- EXERCISE REQUIREMENTS -
Below are entries. Copy exactly the lines running from the line that holds "#40=CARTESIAN_POINT('',(20.06992154166,-37.4611666039492,3.));" to the line that holds "#45=FACE_BOUND('',#44,.T.);", with both ends included.

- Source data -
──────────

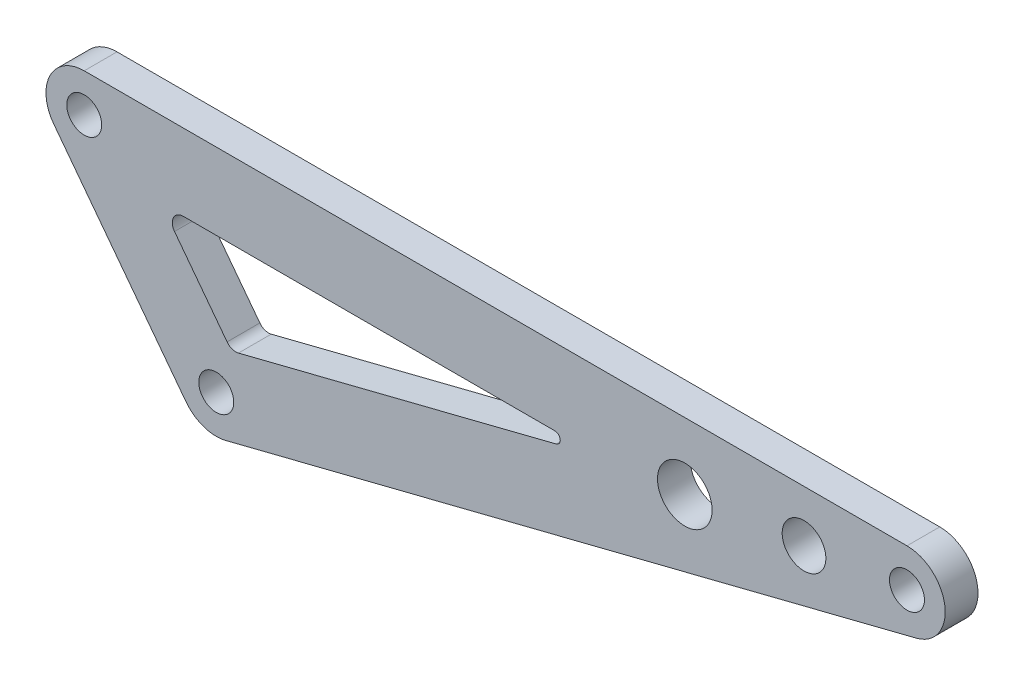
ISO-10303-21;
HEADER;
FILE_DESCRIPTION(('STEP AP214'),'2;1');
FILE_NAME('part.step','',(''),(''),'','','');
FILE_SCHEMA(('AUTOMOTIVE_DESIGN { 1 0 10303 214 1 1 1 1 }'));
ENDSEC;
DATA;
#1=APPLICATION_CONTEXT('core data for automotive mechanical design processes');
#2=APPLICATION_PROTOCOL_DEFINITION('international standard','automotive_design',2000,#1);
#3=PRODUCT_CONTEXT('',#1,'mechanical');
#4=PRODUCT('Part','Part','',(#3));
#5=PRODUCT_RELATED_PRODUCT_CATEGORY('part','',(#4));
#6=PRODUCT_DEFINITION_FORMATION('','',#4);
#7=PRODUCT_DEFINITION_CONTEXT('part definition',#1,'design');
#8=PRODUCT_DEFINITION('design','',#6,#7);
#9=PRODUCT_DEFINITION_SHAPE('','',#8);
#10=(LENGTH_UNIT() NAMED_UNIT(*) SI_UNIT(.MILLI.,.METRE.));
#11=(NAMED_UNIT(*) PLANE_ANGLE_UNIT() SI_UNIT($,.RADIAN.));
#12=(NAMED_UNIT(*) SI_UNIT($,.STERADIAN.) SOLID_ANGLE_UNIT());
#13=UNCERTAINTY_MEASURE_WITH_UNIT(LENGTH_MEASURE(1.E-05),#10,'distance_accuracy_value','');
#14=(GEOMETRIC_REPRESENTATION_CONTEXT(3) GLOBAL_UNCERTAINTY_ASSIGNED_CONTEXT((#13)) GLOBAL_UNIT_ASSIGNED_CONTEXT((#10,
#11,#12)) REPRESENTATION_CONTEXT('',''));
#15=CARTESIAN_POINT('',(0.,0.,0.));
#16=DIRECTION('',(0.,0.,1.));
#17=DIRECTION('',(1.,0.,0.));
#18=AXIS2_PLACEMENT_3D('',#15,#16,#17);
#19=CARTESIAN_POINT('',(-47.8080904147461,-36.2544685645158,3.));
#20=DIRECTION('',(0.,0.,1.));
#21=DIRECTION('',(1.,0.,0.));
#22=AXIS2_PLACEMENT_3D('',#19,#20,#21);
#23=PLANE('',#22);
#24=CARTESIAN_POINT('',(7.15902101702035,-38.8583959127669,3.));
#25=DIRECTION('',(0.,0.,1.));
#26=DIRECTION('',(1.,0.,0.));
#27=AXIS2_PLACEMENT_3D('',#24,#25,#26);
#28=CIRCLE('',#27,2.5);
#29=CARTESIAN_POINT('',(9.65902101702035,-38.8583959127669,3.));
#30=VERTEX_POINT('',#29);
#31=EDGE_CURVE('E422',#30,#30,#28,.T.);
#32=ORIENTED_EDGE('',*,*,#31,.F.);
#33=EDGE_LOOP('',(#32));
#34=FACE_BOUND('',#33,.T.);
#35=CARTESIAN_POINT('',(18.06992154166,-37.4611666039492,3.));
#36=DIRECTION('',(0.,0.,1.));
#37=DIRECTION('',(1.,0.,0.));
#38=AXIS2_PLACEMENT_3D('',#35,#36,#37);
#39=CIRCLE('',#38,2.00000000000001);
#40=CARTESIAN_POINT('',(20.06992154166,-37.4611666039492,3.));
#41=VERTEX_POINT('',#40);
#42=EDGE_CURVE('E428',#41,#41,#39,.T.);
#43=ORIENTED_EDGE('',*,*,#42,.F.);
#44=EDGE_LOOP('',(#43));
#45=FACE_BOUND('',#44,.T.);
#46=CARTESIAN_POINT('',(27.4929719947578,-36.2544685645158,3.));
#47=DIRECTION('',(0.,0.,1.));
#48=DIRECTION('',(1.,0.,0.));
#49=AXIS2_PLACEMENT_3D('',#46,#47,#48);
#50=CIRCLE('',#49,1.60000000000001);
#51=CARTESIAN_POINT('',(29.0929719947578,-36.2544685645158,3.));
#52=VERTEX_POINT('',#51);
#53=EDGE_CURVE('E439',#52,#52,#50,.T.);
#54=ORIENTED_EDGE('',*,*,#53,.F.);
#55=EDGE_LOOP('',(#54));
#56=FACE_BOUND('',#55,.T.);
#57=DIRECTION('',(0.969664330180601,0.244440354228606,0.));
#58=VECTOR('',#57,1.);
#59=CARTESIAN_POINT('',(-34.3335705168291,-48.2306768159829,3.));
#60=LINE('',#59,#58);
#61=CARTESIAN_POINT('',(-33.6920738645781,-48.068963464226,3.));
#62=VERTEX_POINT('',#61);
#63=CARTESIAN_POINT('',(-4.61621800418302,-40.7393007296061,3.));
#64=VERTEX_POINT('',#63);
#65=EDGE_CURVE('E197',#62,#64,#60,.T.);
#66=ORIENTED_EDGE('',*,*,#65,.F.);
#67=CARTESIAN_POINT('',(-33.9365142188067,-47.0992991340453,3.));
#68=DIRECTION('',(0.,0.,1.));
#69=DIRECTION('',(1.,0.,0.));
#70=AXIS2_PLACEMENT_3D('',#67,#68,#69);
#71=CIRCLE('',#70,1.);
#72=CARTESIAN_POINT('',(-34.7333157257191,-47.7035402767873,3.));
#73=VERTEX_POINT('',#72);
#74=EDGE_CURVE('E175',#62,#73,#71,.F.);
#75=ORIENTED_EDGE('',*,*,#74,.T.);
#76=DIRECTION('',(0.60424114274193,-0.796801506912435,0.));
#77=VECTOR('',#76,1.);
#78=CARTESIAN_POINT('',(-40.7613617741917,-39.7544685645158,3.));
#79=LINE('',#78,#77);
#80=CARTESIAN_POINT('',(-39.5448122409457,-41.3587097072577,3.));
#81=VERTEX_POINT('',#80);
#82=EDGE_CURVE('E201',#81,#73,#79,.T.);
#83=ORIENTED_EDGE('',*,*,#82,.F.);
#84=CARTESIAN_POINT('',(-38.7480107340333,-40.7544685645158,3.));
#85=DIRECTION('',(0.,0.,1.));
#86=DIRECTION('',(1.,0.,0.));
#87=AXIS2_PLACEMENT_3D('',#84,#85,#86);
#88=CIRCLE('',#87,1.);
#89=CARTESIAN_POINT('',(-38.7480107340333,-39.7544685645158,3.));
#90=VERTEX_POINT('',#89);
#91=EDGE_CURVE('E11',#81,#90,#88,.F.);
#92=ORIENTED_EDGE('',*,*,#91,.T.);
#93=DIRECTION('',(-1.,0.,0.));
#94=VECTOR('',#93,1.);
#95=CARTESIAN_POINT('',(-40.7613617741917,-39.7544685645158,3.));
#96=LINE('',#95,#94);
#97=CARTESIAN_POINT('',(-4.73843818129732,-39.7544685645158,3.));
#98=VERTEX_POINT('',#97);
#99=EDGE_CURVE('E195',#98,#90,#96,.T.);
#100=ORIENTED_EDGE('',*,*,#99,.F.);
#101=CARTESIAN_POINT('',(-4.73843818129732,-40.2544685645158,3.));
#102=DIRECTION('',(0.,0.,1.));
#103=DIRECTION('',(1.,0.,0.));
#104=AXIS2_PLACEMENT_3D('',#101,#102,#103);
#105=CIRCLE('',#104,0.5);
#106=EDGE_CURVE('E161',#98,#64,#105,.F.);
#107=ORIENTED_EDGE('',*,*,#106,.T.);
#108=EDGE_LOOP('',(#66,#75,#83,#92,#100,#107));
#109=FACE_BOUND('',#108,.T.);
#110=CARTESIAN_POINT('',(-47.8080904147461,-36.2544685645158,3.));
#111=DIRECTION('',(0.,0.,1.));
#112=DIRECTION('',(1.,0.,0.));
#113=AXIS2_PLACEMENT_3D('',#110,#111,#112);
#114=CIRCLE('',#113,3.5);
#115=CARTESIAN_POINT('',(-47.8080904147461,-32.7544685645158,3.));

──────────

- SOLUTION FOR THIS PROBLEM -
#40=CARTESIAN_POINT('',(20.06992154166,-37.4611666039492,3.));
#41=VERTEX_POINT('',#40);
#42=EDGE_CURVE('E428',#41,#41,#39,.T.);
#43=ORIENTED_EDGE('',*,*,#42,.F.);
#44=EDGE_LOOP('',(#43));
#45=FACE_BOUND('',#44,.T.);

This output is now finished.